■ **Provided records**
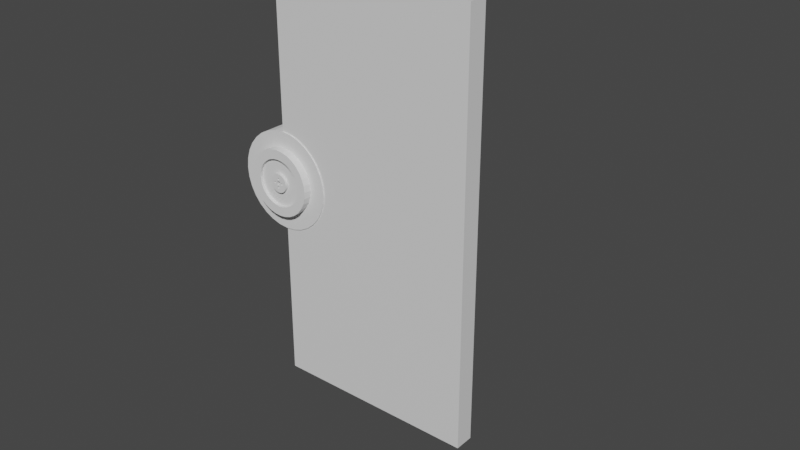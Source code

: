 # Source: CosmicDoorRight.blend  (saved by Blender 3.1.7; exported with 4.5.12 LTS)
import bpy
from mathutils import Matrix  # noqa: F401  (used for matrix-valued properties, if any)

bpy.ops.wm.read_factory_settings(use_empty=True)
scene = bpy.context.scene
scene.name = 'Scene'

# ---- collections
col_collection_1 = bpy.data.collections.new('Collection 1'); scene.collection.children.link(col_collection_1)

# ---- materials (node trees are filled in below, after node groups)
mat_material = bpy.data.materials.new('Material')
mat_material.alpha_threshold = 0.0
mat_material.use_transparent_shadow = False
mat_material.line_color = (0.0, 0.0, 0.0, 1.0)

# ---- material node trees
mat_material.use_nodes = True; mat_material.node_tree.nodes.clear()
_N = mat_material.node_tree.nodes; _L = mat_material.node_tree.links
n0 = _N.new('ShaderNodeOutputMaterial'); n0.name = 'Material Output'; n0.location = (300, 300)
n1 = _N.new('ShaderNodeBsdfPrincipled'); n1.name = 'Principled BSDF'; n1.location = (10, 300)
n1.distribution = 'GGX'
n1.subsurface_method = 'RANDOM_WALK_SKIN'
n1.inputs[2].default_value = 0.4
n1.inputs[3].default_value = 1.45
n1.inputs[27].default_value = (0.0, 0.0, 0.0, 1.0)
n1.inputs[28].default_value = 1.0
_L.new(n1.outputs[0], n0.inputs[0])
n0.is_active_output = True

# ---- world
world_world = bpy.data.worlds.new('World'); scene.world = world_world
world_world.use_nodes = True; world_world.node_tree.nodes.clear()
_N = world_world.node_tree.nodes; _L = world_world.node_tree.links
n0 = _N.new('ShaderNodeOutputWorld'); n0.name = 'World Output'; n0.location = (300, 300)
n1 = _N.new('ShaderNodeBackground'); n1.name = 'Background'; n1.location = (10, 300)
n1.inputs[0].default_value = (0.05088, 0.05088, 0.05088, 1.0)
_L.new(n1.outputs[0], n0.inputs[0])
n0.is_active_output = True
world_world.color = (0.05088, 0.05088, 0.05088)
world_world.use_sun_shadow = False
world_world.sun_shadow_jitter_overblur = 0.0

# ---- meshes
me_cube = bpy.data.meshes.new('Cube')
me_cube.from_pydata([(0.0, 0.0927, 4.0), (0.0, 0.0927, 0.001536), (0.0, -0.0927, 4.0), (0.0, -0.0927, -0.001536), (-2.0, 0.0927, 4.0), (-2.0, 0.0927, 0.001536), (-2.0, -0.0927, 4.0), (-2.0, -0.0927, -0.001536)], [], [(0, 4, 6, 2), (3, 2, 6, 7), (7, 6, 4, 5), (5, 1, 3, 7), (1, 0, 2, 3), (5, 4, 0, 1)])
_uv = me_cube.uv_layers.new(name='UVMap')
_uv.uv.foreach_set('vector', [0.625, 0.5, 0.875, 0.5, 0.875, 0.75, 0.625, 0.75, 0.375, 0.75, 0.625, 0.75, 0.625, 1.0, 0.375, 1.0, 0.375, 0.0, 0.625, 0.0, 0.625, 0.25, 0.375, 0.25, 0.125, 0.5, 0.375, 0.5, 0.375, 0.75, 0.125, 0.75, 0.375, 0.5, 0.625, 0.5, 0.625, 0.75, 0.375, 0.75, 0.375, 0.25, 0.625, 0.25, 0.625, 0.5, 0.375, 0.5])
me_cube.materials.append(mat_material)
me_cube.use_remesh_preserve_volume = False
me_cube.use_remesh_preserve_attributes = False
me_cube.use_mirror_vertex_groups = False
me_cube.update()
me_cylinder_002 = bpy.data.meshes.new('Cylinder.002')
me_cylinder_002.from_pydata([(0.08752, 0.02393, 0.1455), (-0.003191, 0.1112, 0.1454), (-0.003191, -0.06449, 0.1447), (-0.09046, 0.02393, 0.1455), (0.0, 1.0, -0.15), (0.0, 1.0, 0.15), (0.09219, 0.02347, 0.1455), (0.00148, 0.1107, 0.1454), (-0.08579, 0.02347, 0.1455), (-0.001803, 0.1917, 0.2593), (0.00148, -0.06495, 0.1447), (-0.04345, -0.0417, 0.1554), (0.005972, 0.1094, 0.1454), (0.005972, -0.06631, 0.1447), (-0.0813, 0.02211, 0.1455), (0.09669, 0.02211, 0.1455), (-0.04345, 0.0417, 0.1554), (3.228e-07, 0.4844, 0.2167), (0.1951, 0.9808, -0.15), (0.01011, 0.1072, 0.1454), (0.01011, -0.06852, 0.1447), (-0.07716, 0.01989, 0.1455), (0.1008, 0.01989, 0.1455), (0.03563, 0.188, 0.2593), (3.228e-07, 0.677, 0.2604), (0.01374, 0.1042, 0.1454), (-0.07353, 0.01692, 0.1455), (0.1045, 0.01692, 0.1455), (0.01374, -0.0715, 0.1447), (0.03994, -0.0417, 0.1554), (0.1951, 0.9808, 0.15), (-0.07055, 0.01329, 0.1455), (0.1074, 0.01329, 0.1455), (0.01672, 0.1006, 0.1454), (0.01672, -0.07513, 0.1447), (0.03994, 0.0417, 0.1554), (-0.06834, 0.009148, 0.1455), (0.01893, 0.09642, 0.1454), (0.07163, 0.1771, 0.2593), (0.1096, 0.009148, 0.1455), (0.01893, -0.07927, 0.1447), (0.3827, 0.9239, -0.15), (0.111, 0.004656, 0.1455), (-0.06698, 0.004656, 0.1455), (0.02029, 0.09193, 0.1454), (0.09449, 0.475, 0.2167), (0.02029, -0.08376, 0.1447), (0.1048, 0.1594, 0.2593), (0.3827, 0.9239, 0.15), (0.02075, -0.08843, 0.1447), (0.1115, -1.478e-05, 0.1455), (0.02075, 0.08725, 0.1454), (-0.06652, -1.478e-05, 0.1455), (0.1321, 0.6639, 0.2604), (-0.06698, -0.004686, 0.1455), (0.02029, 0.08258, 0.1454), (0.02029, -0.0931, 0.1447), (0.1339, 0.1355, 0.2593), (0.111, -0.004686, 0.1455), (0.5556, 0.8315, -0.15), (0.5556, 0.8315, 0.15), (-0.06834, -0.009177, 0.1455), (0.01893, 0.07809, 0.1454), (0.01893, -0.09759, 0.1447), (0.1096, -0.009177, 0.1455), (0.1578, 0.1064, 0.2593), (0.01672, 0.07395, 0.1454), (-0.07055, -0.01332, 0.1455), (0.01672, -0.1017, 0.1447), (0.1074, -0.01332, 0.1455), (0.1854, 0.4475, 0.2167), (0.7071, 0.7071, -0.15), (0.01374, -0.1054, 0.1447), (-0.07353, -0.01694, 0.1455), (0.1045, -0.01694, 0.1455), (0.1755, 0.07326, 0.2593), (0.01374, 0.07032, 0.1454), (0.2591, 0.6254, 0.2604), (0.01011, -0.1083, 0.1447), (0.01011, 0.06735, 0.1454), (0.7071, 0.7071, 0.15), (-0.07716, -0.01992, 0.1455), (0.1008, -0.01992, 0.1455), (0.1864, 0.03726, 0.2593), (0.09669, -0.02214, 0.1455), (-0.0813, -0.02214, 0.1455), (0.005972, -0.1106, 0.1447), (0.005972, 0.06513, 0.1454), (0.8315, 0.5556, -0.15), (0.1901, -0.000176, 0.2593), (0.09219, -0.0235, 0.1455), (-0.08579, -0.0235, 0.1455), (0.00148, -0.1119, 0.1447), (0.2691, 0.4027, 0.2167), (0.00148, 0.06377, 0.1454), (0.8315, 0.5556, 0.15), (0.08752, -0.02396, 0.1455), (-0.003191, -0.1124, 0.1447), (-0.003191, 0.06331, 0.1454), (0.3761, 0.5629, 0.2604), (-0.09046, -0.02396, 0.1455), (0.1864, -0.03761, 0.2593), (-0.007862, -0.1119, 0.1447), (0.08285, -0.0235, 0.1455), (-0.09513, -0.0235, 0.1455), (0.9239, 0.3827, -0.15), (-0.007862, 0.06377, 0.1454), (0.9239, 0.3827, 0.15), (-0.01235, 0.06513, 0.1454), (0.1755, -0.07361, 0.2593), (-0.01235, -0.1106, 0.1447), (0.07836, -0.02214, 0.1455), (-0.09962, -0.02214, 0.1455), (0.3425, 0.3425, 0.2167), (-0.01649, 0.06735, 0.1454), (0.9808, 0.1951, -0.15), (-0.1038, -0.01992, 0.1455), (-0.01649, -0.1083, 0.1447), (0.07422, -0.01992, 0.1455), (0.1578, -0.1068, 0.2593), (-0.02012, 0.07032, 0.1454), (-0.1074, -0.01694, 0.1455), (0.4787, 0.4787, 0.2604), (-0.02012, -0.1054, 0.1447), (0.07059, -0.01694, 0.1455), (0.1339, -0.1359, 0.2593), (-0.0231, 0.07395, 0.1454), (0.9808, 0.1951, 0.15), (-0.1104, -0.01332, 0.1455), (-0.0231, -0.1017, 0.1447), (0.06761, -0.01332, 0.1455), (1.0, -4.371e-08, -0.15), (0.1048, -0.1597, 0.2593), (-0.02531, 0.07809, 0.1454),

■ **Task**
Starting at the line above that contains "n1.distribution = 'GGX'", repeat each line exactly up to and including the line that contains "me_cylinder_002 = bpy.data.meshes.new('Cylinder.002')", and stop there.

■ **Answer space**
n1.distribution = 'GGX'
n1.subsurface_method = 'RANDOM_WALK_SKIN'
n1.inputs[2].default_value = 0.4
n1.inputs[3].default_value = 1.45
n1.inputs[27].default_value = (0.0, 0.0, 0.0, 1.0)
n1.inputs[28].default_value = 1.0
_L.new(n1.outputs[0], n0.inputs[0])
n0.is_active_output = True

# ---- world
world_world = bpy.data.worlds.new('World'); scene.world = world_world
world_world.use_nodes = True; world_world.node_tree.nodes.clear()
_N = world_world.node_tree.nodes; _L = world_world.node_tree.links
n0 = _N.new('ShaderNodeOutputWorld'); n0.name = 'World Output'; n0.location = (300, 300)
n1 = _N.new('ShaderNodeBackground'); n1.name = 'Background'; n1.location = (10, 300)
n1.inputs[0].default_value = (0.05088, 0.05088, 0.05088, 1.0)
_L.new(n1.outputs[0], n0.inputs[0])
n0.is_active_output = True
world_world.color = (0.05088, 0.05088, 0.05088)
world_world.use_sun_shadow = False
world_world.sun_shadow_jitter_overblur = 0.0

# ---- meshes
me_cube = bpy.data.meshes.new('Cube')
me_cube.from_pydata([(0.0, 0.0927, 4.0), (0.0, 0.0927, 0.001536), (0.0, -0.0927, 4.0), (0.0, -0.0927, -0.001536), (-2.0, 0.0927, 4.0), (-2.0, 0.0927, 0.001536), (-2.0, -0.0927, 4.0), (-2.0, -0.0927, -0.001536)], [], [(0, 4, 6, 2), (3, 2, 6, 7), (7, 6, 4, 5), (5, 1, 3, 7), (1, 0, 2, 3), (5, 4, 0, 1)])
_uv = me_cube.uv_layers.new(name='UVMap')
_uv.uv.foreach_set('vector', [0.625, 0.5, 0.875, 0.5, 0.875, 0.75, 0.625, 0.75, 0.375, 0.75, 0.625, 0.75, 0.625, 1.0, 0.375, 1.0, 0.375, 0.0, 0.625, 0.0, 0.625, 0.25, 0.375, 0.25, 0.125, 0.5, 0.375, 0.5, 0.375, 0.75, 0.125, 0.75, 0.375, 0.5, 0.625, 0.5, 0.625, 0.75, 0.375, 0.75, 0.375, 0.25, 0.625, 0.25, 0.625, 0.5, 0.375, 0.5])
me_cube.materials.append(mat_material)
me_cube.use_remesh_preserve_volume = False
me_cube.use_remesh_preserve_attributes = False
me_cube.use_mirror_vertex_groups = False
me_cube.update()
me_cylinder_002 = bpy.data.meshes.new('Cylinder.002')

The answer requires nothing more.